BRIEF — Starting with the line with "## Named parameters: d165_d114_d66 = 0 mm" in the entries below and going on through the line with "7. NSpacer Black .500 OD x .125:3 — Insert:6", output every line exactly and nothing more. No pictures.

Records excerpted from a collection
:::::

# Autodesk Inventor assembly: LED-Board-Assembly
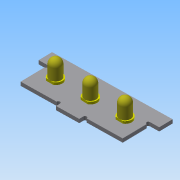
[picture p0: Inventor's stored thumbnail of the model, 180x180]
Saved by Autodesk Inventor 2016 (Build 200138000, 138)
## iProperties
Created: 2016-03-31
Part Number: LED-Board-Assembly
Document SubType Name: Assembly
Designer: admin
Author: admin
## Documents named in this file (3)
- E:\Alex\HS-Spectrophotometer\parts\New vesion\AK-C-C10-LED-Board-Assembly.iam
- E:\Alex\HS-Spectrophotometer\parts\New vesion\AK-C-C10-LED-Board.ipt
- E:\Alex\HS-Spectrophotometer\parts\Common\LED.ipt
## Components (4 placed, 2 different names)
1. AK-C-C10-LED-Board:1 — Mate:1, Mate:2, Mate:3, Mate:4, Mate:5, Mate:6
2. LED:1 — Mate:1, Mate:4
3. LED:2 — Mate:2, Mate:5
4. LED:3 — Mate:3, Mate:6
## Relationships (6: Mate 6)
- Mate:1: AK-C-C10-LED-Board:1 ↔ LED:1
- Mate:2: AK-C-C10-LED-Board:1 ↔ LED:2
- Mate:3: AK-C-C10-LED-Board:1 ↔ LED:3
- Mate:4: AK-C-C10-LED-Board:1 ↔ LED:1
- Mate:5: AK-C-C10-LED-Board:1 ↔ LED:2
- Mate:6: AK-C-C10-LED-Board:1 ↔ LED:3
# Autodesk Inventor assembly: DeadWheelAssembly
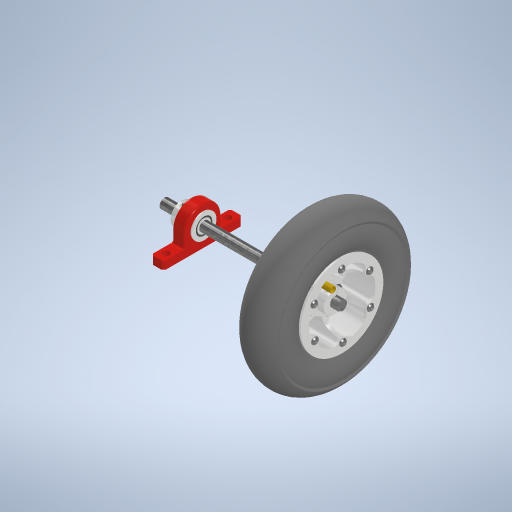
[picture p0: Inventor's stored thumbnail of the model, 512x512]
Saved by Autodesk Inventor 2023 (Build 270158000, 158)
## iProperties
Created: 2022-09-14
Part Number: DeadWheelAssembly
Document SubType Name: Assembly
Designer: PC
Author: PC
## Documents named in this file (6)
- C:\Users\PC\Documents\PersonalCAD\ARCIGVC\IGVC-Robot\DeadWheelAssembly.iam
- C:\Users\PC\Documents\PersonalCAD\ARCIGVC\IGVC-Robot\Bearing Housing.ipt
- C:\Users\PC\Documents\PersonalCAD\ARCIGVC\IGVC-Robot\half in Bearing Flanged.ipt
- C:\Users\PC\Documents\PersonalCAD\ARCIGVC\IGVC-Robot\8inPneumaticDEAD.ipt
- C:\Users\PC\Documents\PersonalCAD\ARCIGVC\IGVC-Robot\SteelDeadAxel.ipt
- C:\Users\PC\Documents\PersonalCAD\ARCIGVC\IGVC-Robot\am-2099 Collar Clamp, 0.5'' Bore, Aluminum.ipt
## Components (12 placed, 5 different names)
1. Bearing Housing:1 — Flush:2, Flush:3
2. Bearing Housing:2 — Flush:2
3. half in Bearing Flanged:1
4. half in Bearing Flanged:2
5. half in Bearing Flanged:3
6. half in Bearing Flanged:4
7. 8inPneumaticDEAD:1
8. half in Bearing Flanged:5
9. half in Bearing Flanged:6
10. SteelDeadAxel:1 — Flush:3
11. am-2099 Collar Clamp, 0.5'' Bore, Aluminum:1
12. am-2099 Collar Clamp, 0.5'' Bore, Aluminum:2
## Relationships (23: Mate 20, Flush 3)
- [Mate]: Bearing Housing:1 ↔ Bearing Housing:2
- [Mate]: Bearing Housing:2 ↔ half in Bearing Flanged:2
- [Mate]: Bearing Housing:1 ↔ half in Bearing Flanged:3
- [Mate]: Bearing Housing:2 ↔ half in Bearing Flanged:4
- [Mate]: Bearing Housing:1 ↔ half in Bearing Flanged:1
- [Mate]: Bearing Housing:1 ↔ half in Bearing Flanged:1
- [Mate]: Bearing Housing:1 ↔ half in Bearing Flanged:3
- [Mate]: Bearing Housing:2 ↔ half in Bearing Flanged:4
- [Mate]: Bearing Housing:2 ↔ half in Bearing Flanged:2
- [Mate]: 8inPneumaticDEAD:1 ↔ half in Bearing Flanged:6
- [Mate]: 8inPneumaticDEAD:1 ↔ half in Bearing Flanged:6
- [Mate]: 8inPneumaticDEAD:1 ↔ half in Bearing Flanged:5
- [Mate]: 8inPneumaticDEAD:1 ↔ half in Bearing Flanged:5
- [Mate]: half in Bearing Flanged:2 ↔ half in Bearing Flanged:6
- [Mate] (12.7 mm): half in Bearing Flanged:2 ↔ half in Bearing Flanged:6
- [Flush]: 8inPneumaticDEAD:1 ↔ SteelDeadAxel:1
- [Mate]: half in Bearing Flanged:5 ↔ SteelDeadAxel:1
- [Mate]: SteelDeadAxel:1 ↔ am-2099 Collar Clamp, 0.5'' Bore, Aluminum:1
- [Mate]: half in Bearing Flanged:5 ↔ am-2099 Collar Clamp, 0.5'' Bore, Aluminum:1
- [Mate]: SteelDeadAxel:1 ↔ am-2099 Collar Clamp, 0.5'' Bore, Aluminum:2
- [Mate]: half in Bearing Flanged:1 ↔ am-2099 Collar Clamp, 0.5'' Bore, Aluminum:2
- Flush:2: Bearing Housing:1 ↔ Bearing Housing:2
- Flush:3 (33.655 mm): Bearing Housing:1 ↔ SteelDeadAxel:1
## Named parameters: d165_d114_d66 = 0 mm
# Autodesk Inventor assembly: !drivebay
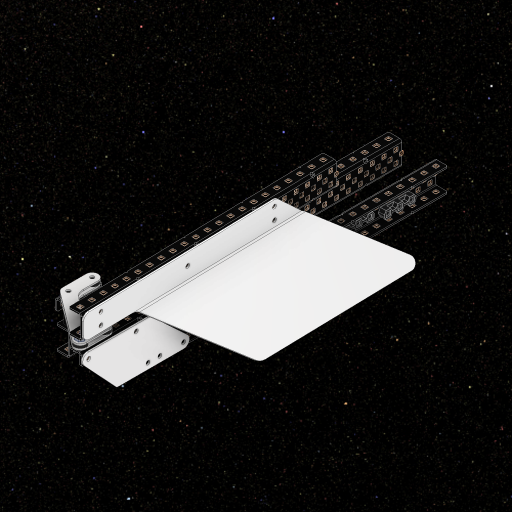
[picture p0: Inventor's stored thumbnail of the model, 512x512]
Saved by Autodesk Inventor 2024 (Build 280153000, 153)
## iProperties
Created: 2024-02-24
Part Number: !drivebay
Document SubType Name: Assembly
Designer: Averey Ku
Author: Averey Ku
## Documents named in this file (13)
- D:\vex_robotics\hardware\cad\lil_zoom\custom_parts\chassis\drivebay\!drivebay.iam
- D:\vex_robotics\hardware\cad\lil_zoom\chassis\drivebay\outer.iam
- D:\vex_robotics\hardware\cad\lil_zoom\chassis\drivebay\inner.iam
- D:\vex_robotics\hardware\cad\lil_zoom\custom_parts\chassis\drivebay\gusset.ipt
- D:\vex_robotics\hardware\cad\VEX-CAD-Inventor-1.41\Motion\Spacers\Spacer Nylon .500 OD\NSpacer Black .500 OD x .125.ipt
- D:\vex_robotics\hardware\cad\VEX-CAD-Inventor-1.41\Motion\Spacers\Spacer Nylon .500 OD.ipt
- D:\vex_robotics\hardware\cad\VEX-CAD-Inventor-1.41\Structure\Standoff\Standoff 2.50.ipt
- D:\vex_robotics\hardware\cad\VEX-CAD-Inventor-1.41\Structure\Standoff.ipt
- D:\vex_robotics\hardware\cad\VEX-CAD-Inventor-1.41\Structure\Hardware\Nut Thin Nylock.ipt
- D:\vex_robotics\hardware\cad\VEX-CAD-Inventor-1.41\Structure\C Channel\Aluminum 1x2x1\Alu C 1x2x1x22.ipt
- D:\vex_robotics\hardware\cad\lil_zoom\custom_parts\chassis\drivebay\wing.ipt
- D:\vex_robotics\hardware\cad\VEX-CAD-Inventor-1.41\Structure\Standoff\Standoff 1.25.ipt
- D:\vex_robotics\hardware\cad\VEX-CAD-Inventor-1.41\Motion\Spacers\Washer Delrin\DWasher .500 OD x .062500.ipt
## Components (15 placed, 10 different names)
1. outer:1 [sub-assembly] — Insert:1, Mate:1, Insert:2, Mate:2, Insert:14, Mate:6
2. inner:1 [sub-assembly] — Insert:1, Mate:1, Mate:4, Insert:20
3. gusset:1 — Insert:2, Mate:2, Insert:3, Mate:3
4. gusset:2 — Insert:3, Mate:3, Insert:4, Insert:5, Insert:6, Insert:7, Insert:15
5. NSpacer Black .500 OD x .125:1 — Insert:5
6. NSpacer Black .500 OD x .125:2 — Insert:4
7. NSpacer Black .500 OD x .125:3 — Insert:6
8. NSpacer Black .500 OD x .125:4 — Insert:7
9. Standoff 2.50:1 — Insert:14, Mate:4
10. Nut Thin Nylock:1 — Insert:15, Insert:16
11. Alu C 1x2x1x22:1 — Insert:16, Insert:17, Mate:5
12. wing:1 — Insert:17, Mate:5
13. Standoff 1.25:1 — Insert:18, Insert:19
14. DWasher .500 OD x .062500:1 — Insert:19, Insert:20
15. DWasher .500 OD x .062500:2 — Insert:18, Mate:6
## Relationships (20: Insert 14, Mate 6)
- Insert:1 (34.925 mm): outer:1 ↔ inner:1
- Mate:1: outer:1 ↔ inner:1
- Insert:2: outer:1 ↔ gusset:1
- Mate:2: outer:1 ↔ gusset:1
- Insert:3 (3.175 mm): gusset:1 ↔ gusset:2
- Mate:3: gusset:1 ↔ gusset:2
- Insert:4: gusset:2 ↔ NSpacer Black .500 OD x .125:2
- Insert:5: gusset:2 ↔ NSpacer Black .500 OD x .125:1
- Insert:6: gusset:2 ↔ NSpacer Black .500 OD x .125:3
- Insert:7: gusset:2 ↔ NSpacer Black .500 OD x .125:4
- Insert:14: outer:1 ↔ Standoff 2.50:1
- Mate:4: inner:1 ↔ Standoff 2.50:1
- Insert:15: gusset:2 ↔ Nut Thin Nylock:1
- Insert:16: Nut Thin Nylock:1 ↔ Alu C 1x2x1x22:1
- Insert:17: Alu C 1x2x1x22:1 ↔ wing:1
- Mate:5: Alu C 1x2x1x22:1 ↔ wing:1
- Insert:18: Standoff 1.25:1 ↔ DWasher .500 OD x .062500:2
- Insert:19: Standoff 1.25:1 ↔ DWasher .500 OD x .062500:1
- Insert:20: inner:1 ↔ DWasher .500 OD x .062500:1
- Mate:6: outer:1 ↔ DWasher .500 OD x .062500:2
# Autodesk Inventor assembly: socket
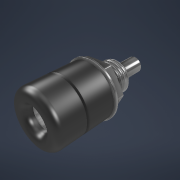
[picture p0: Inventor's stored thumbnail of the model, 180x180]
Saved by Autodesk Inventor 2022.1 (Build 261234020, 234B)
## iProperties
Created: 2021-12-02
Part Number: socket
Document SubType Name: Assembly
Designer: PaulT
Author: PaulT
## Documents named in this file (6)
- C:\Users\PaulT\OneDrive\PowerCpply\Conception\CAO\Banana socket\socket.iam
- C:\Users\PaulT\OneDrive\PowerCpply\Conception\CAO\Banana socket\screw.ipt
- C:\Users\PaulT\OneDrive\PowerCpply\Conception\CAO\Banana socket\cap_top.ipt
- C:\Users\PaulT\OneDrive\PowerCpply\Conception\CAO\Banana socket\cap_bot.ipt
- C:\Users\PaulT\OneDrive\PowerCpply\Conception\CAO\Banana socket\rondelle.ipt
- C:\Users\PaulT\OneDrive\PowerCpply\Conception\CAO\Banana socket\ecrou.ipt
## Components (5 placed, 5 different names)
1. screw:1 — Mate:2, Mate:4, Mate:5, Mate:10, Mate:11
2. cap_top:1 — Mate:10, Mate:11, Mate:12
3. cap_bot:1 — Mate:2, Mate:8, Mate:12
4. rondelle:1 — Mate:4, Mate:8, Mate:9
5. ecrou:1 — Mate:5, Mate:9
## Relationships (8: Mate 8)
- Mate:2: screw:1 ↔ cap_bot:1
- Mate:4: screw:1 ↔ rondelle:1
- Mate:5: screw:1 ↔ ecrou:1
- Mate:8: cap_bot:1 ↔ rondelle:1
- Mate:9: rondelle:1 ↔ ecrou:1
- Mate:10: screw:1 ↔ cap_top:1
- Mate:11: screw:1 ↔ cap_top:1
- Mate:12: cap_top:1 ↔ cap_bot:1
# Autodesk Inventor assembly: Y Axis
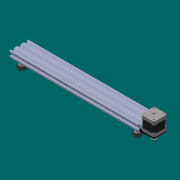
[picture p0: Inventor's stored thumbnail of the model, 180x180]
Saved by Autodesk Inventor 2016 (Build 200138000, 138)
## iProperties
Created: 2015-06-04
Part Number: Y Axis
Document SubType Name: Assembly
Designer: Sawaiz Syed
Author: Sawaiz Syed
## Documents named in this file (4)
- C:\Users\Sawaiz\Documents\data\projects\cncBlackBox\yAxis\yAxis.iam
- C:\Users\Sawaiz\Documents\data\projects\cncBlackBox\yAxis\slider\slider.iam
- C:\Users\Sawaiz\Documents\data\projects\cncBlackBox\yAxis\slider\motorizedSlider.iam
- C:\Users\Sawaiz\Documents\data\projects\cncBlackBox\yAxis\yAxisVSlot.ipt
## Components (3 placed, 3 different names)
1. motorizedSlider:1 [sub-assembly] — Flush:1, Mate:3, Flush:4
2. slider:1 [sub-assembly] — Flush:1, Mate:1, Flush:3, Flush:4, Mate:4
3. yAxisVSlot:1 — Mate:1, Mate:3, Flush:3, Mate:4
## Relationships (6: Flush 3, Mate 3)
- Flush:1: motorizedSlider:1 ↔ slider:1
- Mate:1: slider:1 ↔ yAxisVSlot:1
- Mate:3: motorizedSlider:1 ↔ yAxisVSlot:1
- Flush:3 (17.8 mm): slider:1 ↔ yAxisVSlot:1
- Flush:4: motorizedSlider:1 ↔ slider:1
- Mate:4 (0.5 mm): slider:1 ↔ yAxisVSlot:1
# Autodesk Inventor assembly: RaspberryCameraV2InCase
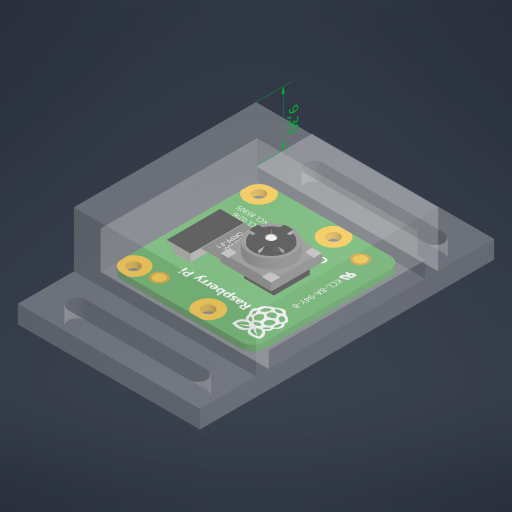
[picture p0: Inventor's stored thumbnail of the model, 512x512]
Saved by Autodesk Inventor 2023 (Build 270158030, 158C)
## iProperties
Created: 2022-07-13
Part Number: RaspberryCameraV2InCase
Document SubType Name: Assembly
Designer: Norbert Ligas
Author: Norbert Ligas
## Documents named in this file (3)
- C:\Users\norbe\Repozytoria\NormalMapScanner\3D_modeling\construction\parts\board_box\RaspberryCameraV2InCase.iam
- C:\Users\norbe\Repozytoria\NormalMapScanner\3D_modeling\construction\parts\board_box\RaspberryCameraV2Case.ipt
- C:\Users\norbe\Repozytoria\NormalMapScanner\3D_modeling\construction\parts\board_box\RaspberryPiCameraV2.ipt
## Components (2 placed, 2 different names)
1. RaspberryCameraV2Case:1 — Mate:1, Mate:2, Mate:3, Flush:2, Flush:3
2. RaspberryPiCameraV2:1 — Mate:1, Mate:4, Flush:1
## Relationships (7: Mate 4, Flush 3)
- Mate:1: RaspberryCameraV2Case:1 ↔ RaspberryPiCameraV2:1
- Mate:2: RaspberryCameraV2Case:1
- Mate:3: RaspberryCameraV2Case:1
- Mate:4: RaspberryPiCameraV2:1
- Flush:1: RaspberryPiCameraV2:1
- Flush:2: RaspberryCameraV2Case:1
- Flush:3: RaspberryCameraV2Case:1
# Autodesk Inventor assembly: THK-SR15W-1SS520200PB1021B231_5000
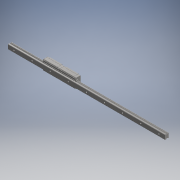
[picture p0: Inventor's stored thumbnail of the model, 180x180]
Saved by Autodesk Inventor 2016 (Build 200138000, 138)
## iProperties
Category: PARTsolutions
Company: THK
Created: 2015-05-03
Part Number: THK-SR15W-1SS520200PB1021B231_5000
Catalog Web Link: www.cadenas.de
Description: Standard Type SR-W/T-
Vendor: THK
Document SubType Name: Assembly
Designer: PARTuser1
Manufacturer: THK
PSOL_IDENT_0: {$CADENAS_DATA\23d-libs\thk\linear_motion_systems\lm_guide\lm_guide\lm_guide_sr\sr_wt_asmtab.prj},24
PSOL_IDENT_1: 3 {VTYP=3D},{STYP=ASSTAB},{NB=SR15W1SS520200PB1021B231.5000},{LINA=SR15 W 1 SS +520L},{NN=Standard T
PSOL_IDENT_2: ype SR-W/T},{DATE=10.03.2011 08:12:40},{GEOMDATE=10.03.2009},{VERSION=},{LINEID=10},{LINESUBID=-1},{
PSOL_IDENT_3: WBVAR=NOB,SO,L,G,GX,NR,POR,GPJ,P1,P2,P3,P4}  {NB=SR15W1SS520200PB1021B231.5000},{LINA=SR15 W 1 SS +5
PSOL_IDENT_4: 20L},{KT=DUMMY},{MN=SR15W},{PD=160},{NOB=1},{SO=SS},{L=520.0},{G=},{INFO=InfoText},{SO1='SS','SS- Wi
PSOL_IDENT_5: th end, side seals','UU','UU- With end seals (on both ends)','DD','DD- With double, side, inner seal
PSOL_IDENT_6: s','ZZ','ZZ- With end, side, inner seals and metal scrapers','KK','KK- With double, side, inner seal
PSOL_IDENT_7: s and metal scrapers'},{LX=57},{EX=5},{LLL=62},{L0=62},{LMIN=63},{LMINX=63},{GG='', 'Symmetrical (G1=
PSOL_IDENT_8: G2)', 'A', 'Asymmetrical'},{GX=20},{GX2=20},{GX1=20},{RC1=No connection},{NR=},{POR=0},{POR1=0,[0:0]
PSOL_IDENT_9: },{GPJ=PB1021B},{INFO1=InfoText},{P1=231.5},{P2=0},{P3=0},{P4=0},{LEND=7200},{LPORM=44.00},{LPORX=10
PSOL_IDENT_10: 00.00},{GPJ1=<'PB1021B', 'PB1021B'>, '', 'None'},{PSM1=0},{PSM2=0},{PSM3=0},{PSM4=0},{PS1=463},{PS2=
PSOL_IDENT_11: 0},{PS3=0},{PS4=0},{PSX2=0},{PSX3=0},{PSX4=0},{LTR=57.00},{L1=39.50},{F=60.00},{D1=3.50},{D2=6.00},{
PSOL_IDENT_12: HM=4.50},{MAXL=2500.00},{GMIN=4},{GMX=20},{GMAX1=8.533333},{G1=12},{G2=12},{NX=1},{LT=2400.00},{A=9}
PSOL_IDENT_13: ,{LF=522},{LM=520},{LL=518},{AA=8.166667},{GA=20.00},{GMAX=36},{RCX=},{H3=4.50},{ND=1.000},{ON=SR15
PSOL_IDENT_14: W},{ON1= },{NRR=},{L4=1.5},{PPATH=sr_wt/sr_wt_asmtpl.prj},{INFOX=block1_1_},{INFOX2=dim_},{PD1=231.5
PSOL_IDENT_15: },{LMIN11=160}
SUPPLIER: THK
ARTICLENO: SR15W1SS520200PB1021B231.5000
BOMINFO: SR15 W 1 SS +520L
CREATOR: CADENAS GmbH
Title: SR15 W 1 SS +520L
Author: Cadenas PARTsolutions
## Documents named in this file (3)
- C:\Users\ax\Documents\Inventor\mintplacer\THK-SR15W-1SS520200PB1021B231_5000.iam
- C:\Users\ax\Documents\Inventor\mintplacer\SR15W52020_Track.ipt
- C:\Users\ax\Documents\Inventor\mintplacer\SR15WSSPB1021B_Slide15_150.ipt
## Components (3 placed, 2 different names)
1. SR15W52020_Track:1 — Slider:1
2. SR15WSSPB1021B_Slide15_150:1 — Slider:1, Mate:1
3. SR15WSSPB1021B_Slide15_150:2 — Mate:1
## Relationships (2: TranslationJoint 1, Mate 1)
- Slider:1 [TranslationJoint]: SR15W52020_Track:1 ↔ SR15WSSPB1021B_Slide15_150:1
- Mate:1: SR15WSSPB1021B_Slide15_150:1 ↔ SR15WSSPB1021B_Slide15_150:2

:::::

ANSWER BOX —
## Named parameters: d165_d114_d66 = 0 mm
# Autodesk Inventor assembly: !drivebay
[picture p0: Inventor's stored thumbnail of the model, 512x512]
Saved by Autodesk Inventor 2024 (Build 280153000, 153)
## iProperties
Created: 2024-02-24
Part Number: !drivebay
Document SubType Name: Assembly
Designer: Averey Ku
Author: Averey Ku
## Documents named in this file (13)
- D:\vex_robotics\hardware\cad\lil_zoom\custom_parts\chassis\drivebay\!drivebay.iam
- D:\vex_robotics\hardware\cad\lil_zoom\chassis\drivebay\outer.iam
- D:\vex_robotics\hardware\cad\lil_zoom\chassis\drivebay\inner.iam
- D:\vex_robotics\hardware\cad\lil_zoom\custom_parts\chassis\drivebay\gusset.ipt
- D:\vex_robotics\hardware\cad\VEX-CAD-Inventor-1.41\Motion\Spacers\Spacer Nylon .500 OD\NSpacer Black .500 OD x .125.ipt
- D:\vex_robotics\hardware\cad\VEX-CAD-Inventor-1.41\Motion\Spacers\Spacer Nylon .500 OD.ipt
- D:\vex_robotics\hardware\cad\VEX-CAD-Inventor-1.41\Structure\Standoff\Standoff 2.50.ipt
- D:\vex_robotics\hardware\cad\VEX-CAD-Inventor-1.41\Structure\Standoff.ipt
- D:\vex_robotics\hardware\cad\VEX-CAD-Inventor-1.41\Structure\Hardware\Nut Thin Nylock.ipt
- D:\vex_robotics\hardware\cad\VEX-CAD-Inventor-1.41\Structure\C Channel\Aluminum 1x2x1\Alu C 1x2x1x22.ipt
- D:\vex_robotics\hardware\cad\lil_zoom\custom_parts\chassis\drivebay\wing.ipt
- D:\vex_robotics\hardware\cad\VEX-CAD-Inventor-1.41\Structure\Standoff\Standoff 1.25.ipt
- D:\vex_robotics\hardware\cad\VEX-CAD-Inventor-1.41\Motion\Spacers\Washer Delrin\DWasher .500 OD x .062500.ipt
## Components (15 placed, 10 different names)
1. outer:1 [sub-assembly] — Insert:1, Mate:1, Insert:2, Mate:2, Insert:14, Mate:6
2. inner:1 [sub-assembly] — Insert:1, Mate:1, Mate:4, Insert:20
3. gusset:1 — Insert:2, Mate:2, Insert:3, Mate:3
4. gusset:2 — Insert:3, Mate:3, Insert:4, Insert:5, Insert:6, Insert:7, Insert:15
5. NSpacer Black .500 OD x .125:1 — Insert:5
6. NSpacer Black .500 OD x .125:2 — Insert:4
7. NSpacer Black .500 OD x .125:3 — Insert:6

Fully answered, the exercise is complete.